Additional Diagnostics
Docker Compose (minimal)
services:
nim-llm:
container_name: nim-llm-ms
image: nvcr.io/nim/nvidia/llama-3.3-nemotron-super-49b-v1.5:latest
volumes:
- ${MODEL_DIRECTORY:-/tmp}:/opt/nim/.cache
user: "${USERID}"
ports:
- "8999:8000"
expose:
- "8000"
environment:
NGC_API_KEY: ${NGC_API_KEY}
shm_size: 16gb
deploy:
resources:
reservations:
devices:
- driver: nvidia
count: ${INFERENCE_GPU_COUNT:-all}
capabilities: [gpu]
healthcheck:
test: ["CMD", "python3", "-c", "import requests; requests.get('http://localhost:8000/v1/health/ready')"]
interval: 10s
timeout: 20s
retries: 10000
nim-llm-nano:
container_name: nim-llm-ms-nano
image: nvcr.io/nim/nvidia/nvidia-nemotron-nano-9b-v2-dgx-spark:latest
volumes:
- ${MODEL_DIRECTORY:-/tmp}:/opt/nim/.cache
user: "${USERID}"
ports:
- "8000:8000"
expose:
- "8000"
environment:
NGC_API_KEY: ${NGC_API_KEY}
shm_size: 16gb
deploy:
resources:
reservations:
devices:
- driver: nvidia
count: ${INFERENCE_GPU_COUNT:-all}
capabilities: [gpu]
healthcheck:
test: ["CMD", "python3", "-c", "import requests; requests.get('http://localhost:8000/v1/health/ready')"]
interval: 10s
timeout: 20s
retries: 10000
Cache directory
/opt/nim/.cache
Writable and confirmed with logs.
Healthchecks fail because container crashes before HTTP server starts.

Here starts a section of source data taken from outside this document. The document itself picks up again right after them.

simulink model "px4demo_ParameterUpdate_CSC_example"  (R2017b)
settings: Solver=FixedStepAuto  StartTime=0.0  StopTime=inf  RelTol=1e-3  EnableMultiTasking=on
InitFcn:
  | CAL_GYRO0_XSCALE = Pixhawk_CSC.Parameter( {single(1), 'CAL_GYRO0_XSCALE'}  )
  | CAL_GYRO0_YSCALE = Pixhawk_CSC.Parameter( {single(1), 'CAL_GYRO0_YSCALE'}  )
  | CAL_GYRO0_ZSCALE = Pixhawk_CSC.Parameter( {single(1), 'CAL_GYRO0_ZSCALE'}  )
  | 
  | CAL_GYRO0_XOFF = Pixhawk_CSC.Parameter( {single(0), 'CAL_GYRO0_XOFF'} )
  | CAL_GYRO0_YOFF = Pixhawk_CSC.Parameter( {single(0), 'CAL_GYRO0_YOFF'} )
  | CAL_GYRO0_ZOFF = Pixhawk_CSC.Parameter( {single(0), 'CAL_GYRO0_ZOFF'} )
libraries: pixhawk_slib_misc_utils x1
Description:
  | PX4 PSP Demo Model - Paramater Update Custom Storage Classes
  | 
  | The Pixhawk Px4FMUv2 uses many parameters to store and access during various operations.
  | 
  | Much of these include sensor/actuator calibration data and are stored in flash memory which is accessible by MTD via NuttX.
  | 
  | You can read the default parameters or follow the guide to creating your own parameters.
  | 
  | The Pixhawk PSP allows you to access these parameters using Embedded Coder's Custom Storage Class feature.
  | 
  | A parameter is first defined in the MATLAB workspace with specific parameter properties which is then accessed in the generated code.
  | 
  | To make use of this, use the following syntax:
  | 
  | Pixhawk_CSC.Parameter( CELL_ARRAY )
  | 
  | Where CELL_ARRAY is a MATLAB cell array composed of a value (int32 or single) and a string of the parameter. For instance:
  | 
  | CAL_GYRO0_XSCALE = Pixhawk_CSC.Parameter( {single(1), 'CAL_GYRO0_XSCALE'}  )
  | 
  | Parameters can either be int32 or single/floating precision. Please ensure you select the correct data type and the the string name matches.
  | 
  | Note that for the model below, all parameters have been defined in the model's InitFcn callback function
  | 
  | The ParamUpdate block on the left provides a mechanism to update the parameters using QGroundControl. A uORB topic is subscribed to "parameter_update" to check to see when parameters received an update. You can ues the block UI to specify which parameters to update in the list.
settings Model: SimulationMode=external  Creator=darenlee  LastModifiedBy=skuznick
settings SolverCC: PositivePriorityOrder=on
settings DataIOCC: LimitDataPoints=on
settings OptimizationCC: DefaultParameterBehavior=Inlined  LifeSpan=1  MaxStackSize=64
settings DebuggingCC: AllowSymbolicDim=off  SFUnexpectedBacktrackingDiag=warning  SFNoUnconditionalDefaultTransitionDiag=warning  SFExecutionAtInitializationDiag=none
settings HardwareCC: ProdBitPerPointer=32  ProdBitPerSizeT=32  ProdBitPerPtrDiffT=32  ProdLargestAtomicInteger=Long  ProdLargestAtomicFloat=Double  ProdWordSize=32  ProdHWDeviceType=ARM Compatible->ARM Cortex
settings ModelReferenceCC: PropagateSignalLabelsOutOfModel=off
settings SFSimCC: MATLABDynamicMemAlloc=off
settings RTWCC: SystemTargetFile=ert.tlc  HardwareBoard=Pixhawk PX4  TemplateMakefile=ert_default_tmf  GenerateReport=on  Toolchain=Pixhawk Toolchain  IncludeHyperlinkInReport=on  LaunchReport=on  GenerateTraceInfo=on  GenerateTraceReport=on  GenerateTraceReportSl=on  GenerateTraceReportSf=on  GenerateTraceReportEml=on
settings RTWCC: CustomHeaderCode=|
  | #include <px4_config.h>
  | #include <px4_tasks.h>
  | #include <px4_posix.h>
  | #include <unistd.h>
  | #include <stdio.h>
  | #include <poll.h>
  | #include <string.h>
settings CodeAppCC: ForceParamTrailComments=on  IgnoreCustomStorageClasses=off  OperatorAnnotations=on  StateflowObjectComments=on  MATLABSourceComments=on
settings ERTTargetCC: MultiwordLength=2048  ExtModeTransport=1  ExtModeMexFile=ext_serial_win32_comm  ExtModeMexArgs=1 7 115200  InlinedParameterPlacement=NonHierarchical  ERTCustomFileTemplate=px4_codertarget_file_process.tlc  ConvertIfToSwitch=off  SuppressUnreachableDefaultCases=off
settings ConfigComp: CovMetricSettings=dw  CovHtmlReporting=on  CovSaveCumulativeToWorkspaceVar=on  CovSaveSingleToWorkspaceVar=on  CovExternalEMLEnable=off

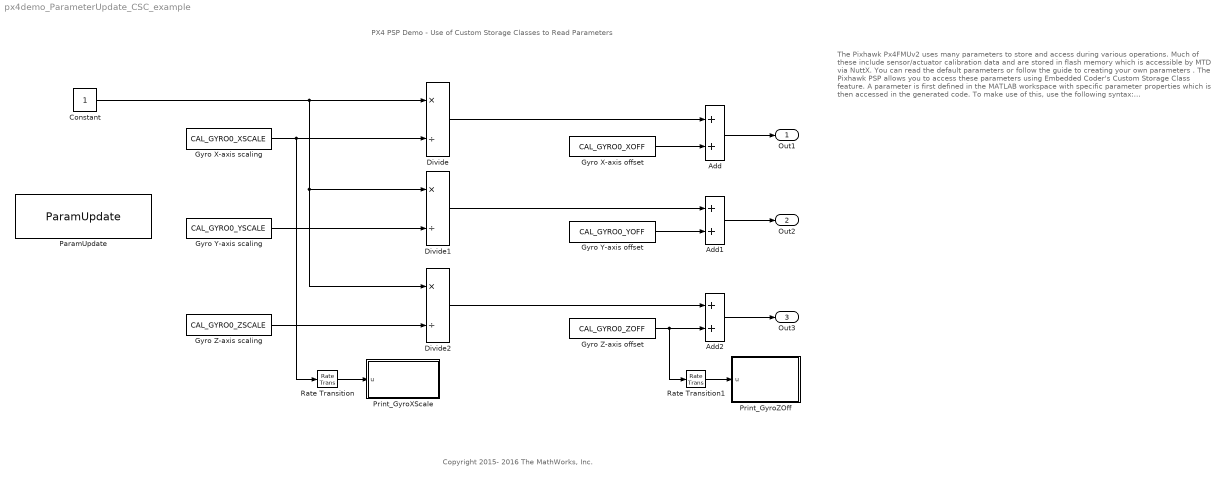
== system px4demo_ParameterUpdate_CSC_example ==
  note: PX4 PSP Demo - Use of Custom Storage Classes to Read Parameters
  note: The Pixhawk Px4FMUv2 uses many parameters to store and access during various operations.
      |
      | Much of these include sensor/actuator calibration data and are stored in flash memory which is accessible by MTD via NuttX.
      |
      | You can read the default parameters or follow the guide to creating your own parameters .
      |
      | The Pixhawk PSP allows you to access these parameters using Embedded Coder's Custom Storage Class feature.
      |
      | A parameter is first defined in the MATLAB workspace with specific parameter properties which is then accessed in the generated code.
      |
      | To make use of this, use the following syntax:
      |
      | Pixhawk_CSC.Parameter( CELL_ARRAY )
      |
      | Where CELL_ARRAY is a MATLAB cell array composed of a value (int32 or single) and a string of the parameter. For instance:
      |
      | CAL_GYRO0_XSCALE = Pixhawk_CSC.Parameter( {single(1), 'CAL_GYRO0_XSCALE'} )
      |
      | Parameters can either be int32 or single/floating precision. Please ensure you select the correct data type and the the string name matches.
      |
      | Note that for the model below, all parameters have been defined in the model's InitFcn callback function
      |
      | The ParamUpdate block on the left provides a mechanism to update the parameters using QGroundControl. A uORB topic is subscribed to "parameter_update" to check to see when parameters received an update. You can ues the block UI to specify which parameters to update in the list.
  note: Copyright 2015- 2016 The MathWorks, Inc.
  Add : Sum
  Add1 : Sum
  Add2 : Sum
  Constant : Constant  OutDataTypeStr=single  SampleTime=1/10
  Divide : Product  Inputs=*/
  Divide1 : Product  Inputs=*/
  Divide2 : Product  Inputs=*/
  "Gyro X-axis offset\t" : Constant  Value=CAL_GYRO0_XOFF  SampleTime=-1
  Gyro X-axis scaling : Constant  Value=CAL_GYRO0_XSCALE  SampleTime=-1
  Gyro Y-axis offset : Constant  Value=CAL_GYRO0_YOFF  SampleTime=-1
  Gyro Y-axis scaling : Constant  Value=CAL_GYRO0_YSCALE  SampleTime=-1
  Gyro Z-axis offset : Constant  Value=CAL_GYRO0_ZOFF  SampleTime=-1
  Gyro Z-axis scaling : Constant  Value=CAL_GYRO0_ZSCALE  SampleTime=-1
  ParamUpdate : pixhawk_slib_misc_utils/ParamUpdate  Unformatted_StrSet=0  TLC_StrSet=0  NumParams=0  Ts=0
      settings: SourceProductName=Pixhawk Target Blocks
  Print_GyroXScale : MATLAB Function  TreatAsAtomicUnit=on
  Print_GyroZOff : MATLAB Function  TreatAsAtomicUnit=on
  Rate Transition : RateTransition  OutPortSampleTime=0.5
  Rate Transition1 : RateTransition  OutPortSampleTime=0.5
  Out1 : Outport
  Out2 : Outport  Port=2
  Out3 : Outport  Port=3
  wires:
  "Gyro X-axis offset\t"/1 -> Add/2
  Gyro Y-axis offset/1 -> Add1/2
  Constant/1 -> Divide2/1, Divide1/1, Divide/1
  Divide/1 -> Add/1
  Divide1/1 -> Add1/1
  Divide2/1 -> Add2/1
  Add/1 -> Out1/1
  Add1/1 -> Out2/1
  Add2/1 -> Out3/1
  Gyro Y-axis scaling/1 -> Divide1/2
  Gyro Z-axis scaling/1 -> Divide2/2
  Gyro X-axis scaling/1 -> Rate Transition/1, Divide/2
  Gyro Z-axis offset/1 -> Rate Transition1/1, Add2/2
  Rate Transition/1 -> Print_GyroXScale/1(u)
  Rate Transition1/1 -> Print_GyroZOff/1(u)

== matlab function px4demo_ParameterUpdate_CSC_example/Print_GyroZOff ==
  data: u input
function print_fcn(u)
if coder.target('rtw')
msg_str = coder.const(['CAL_GYRO0_ZOFF = %8.4f',uint8(10),uint8(0)]);
coder.ceval('PX4_INFO',coder.rref(msg_str),u);
end
end

== matlab function px4demo_ParameterUpdate_CSC_example/Print_GyroXScale ==
  data: u input
function print_fcn(u)
if coder.target('rtw')
msg_str = coder.const(['CAL_GYRO0_XSCALE = %8.4f',uint8(10),uint8(0)]);
coder.ceval('PX4_INFO',coder.rref(msg_str),u);
end
end

Questions for NVIDIA Engineering
A) Regarding the 49B model (llama-3.3-nemotron-super-49b-v1.5)
-
Is sm_121 (GB10) fully supported by the Triton / vLLM versions bundled in this image?
-
Is there a newer NIM version required (e.g., 1.14.0 or later)?
-
Is this a known issue where LLVM/Triton do not yet support Blackwell kernels for this model?
B) Regarding the Nemotron Nano 9B DGX-Spark variant
-
What specific NGC entitlements or organization memberships are required to access:
org/nim/team/nvidia/models/nemotron-nano-9b-v2 -
Is this model gated behind NVIDIA AI Enterprise / NIM licensing?
-
Should DGX Spark customers automatically receive access to these DGX-Spark-tagged models?
C) Availability / Support Matrix
-
Is there an up-to-date compatibility matrix for NIM LLM containers running on DGX Spark (GB10)?
-
Are there alternative NIM LLM containers officially supported today for this architecture?
Please let me know if additional diagnostics or traces are needed. I am available to test updated containers or patches immediately.